他带兵半辈子,军中什麽蛀虫没见过。他太知道了—这种事,防主官容易,防哨官最难。他那套章程,从头到尾,靠的就是「带兵的人是乾净的「这一根柱。

柱一抽,房塌了。

「第二组。」

沈清渠走到沈青崖和林卓的卷前。

「你们的章程,成在「稳「。外防内抚,条条有度。」

「我只改一个字一」

「府衙的回文,十五日,不来。」

「第十六日也不来。第二十日,还不来。界务悬着,井务悬着,会商不决之事,一件一件堆着。

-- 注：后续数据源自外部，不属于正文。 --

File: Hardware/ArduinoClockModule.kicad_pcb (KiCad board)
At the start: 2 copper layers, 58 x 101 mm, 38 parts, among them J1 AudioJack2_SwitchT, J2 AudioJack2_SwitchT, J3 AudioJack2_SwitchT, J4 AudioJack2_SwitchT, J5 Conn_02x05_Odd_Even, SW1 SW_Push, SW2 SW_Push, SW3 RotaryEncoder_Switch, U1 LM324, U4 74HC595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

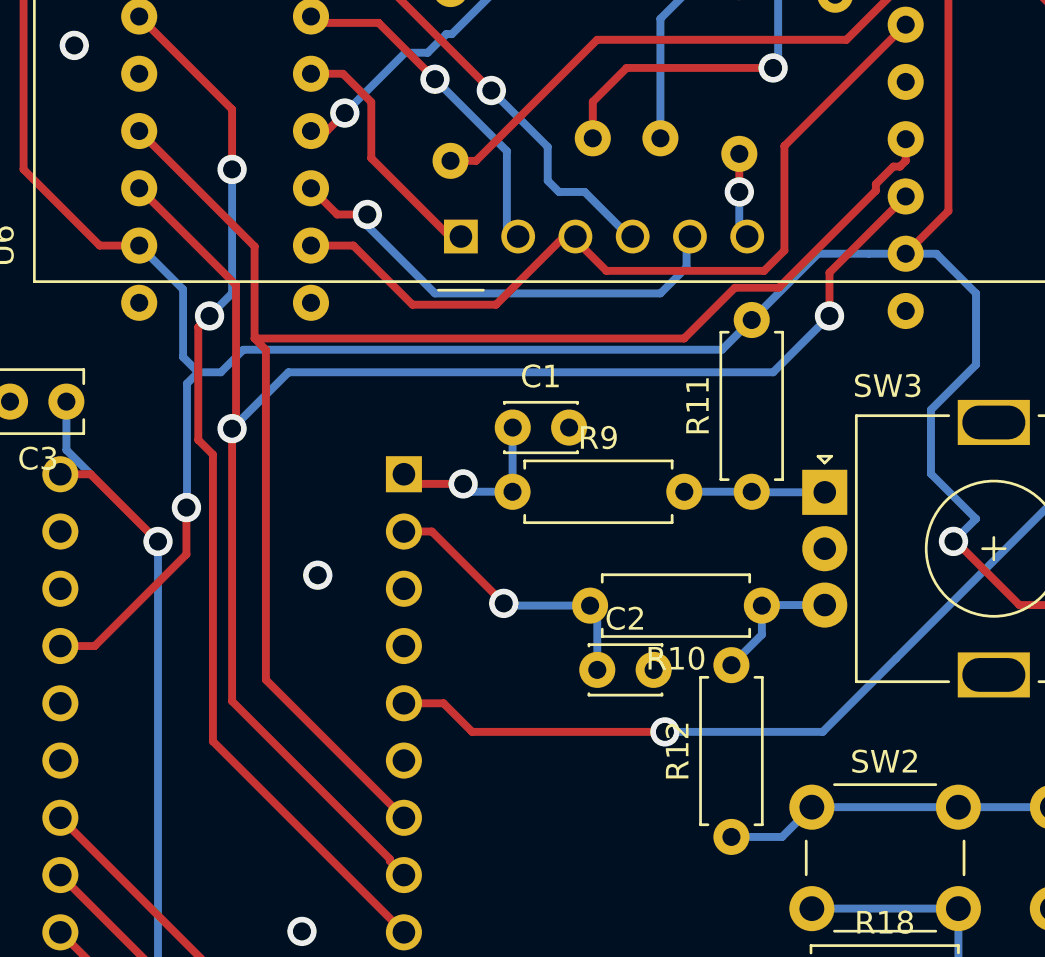
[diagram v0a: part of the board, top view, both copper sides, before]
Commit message: First working protorype. The class should allow some expansion of features wihtout too major refactors. Some modifications to the hardware is still needed.
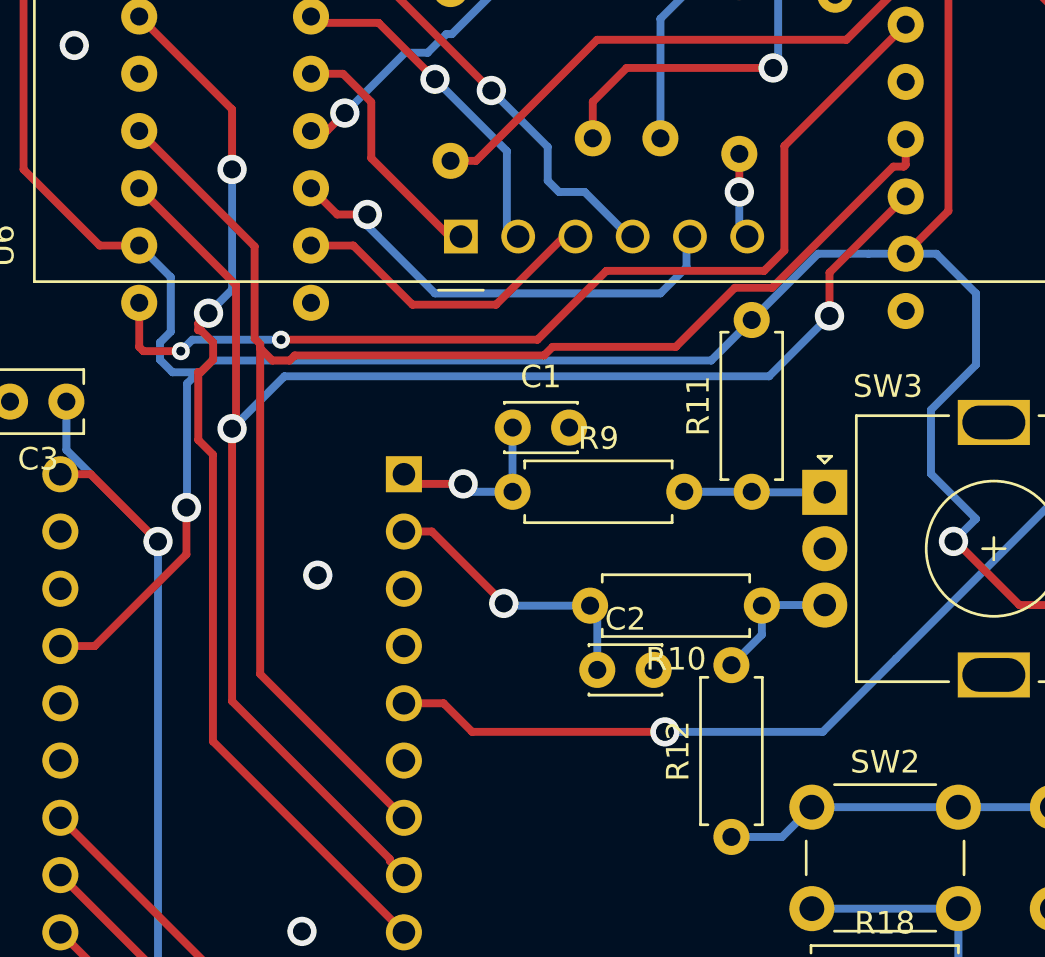
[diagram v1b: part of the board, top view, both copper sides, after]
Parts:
- R1, R2, R3, R4: value 220 -> 8k
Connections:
- U4 pad 9: unconnected-(U4-Pad9) -> Net-(U5-Pad14)
- U5 pad 14: Net-(U4-Pad7) -> Net-(U5-Pad14)
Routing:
- net Net-(U5-Pad14): track 0.00 -> 44.8 mm, vias 0 -> 2
- net Net-(U4-Pad7): track 36.6 -> 13.9 mm
- net +5V: track 156.1 -> 157.2 mm
- net /D6: track 46.7 -> 47.4 mm
- net /D4: track 68.6 -> 69.1 mm

你们添的那几行小字我看见了—「逾期十日未复,行文催问「。好。催问的文,府衙照收,收了,继续不回。」

「手续上,它一点错都没有。」

「你们这座县,就在这份「没有错「里,一天一天,烂下去。」

林卓闭上了眼。

沈青崖盯着自己那份卷子,指节抵着案面,久久没有说话。

「第三组。」

沈清渠最後走到苏秦和纪观澜的卷前。

他把那一页不满四百字的章程,拿起来,对着光看了看。

「五条。疑事封,常务行,职权分,急务联,事後报。」

「这一份,梁最多,柱最匀—一根被抽了,别的还能撑。」

苏秦垂手立着,不敢接这句话。

因为他知道,越是这麽说,接下来抽的那一根,越狠。

果然。

「空位第七日。」

沈清渠缓缓道:「连日暴雨。县东的河堤,塌了半边。水还没进城,可低处三个乡,已经淹了。灾民往县城涌,头一批,两千人。」

「常平仓里有粮。」

「仓廒的章程,白纸黑字—非县令之印,不得开仓。」

他把那页章程,轻轻放回案上。

「苏秦。」

「你的三印会商,商出来的是「意见「。可开仓放粮,要的不是意见一」」

「是一枚印,和一颗敢把脑袋押上去的心。」

「县丞不敢。他署理民政九年,太知道「擅开官仓「四个字的分量。主簿不敢,典史更不敢。三个人围着那道会商的章程,一人写了一篇四平八稳的「意见「,都主张开仓」」

「可谁都不肯,第一个落印。」

「两千灾民在城外淋着雨。」

「仓门锁着。」

「你的章程,一条都没被违反。」

沈清渠看着苏秦,一字一字:「现在,怎麽办?」

堂内,落针可闻。

所有人的目光,都落在苏秦身上。

苏秦立在案前,脑子里第一个冒出来的念头,是安丰。

安丰县也有这一夜。漕仓封条,斩律当头,满堂属官谁都不敢碰。那一夜他怎麽办的?

血书自劾。罪在一人,与众无涉。他一个人把印盖了,把脑袋押了。

这个答案冲到嘴边一——

他咬住了。

不行。

题目说得明明白白一鹿鸣县,没有他。没有一个愿意血书自劾的县令,没有一个天降的英雄。有的只是三个战战兢兢的属官,一纸章程,和城外两千张淋在雨里的嘴。

他不能再答「我来」。

这道题要的,恰恰是把「我「字抠掉之後,剩下的东西。

苏秦闭上眼。

安丰那一夜,一幕一幕,重新过。

他忽然想起来了那一夜,他的血书里,除了自劾,还写了一样东西。

开仓之令,出於本官一人;县丞当堂力谏,主簿典史俱不与闻。

那份文书真正的用处,不只是揽罪。

是把「谁担何责」,在动手之前,就写死在纸上。

责任写清楚了,事情才办得动。

责任糊着,人人自危,谁都不动。

鹿鸣县没有一个肯独揽的县令那就把这份「责任的帐」,摊开来,让三个人分着担,让章程替他们把各自的那一份,量出来。

苏秦睁开眼。

「回大人。」

「学生答。分三层。」

「第一层——不必新造章程。旧例里有现成的路。」

他缓缓道:「《大周会典·仓廪格》有一条:主官员缺、灾变危急者,佐贰官联署,得开仓先赈,限三日内驰报上宪。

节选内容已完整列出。